Be wary of any salesperson who stands to profit handsomely from an investment transaction. The stakes are too high to gamble away your nest egg.
Here's a cautionary tale: the husband of a retired high school teacher who thought he was going to protect his investment was instead the victim of an investment scam that would have netted the agent a $30,000 commission. The Aiken (SC) Standard, "Seniors, don't get ripped off," reports that the salesperson convinced him to purchase an equity indexed annuity product that was totally wrong for his age and stage, incurred penalties and, by the way, was also illegal.
The insurance agent actually convinced the man to combine the funds from an IRA with non-qualified assets and lump them all together into a single investment. When he did this, he was hit with a surrender penalty to move money out of an existing annuity. The agent assured him that he'd make up the loss with "bonus interest."
Co-mingling qualified assets with non-qualified monies is illegal and subjected this man and his family to tax penalties. This story ends on a happy note because an experienced and forthright insurance agent was later able to straighten out the mess and get the man's money back without any problems. The first agent complained that the corrections cost him more than $30,000 in potential commissions.
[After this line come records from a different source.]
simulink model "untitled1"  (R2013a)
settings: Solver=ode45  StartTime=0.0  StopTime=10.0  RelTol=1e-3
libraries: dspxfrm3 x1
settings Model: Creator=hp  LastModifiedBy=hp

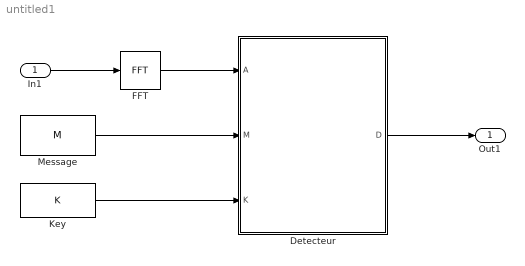
== system untitled1 ==
  In1 : Inport
  Detecteur : MATLAB Function  TreatAsAtomicUnit=on
  FFT : dspxfrm3/FFT  CompMethod=Table lookup  TableOpt=NEW  TableOptActive=Speed  BitRevOrder=off  InheritFFTLength=on  FFTLength=64  RowConvenienceOn=on  FFTImplementation=Auto  SkipNorm=off  firstCoeffDataTypeStr=Inherit: Same word length as input  firstCoeffLastDataTypeStr=Inherit: Same word length as input  outputMin=[]  outputMax=[]  roundingMode=Floor  overflowMode=off
  Key : FromWorkspace  VariableName=K  SampleTime=0
  Message : FromWorkspace  VariableName=M  SampleTime=0
  Out1 : Outport
  wires:
  In1/1 -> FFT/1
  FFT/1 -> Detecteur/1(A)
  Message/1 -> Detecteur/2(M)
  Key/1 -> Detecteur/3(K)
  Detecteur/1(D) -> Out1/1

== matlab function untitled1/Detecteur ==
  data: A input; D output; M input; K input
function D = fcn(A,M,K)
%#codegen

D = u;

There's plenty of financial chicanery that targets seniors. One reason is that older Americans are more apt to have the means to purchase a financial product than younger folks. That, along with many seniors being more polite and trusting, often makes them marks for schemes by unscrupulous sales reps pushing inappropriate insurance and other financial products.
Many seniors fail to report such fraudulent activity because they either don't know where to turn or they're embarrassed about their actions. Still worse—frequently, seniors are unaware that they've been taken. That said, here are some important points to keep in mind:
- Visit www.finra.org/investors/finra-securities-helpline-seniors if you believe you've been misled by a financial adviser or life insurance salesperson.
- If you are talking with a salesperson of a financial product, consult with a family member and an elder law attorney, and ask them both to join the presentation.
- If the salesperson proposes a specific product, get all of the details in writing and review them later.
- Don't be pressured into making any decision alone.
- Since unscrupulous salespersons typically dislike questions, get complete answers to your questions.
- Don't sign anything you don't fully understand.
Anyone who promises fast money is almost always trying to rip you off. Don't fall for it!
Reference: Aiken (SC) Standard (January 16, 2016) "Seniors, don't get ripped off"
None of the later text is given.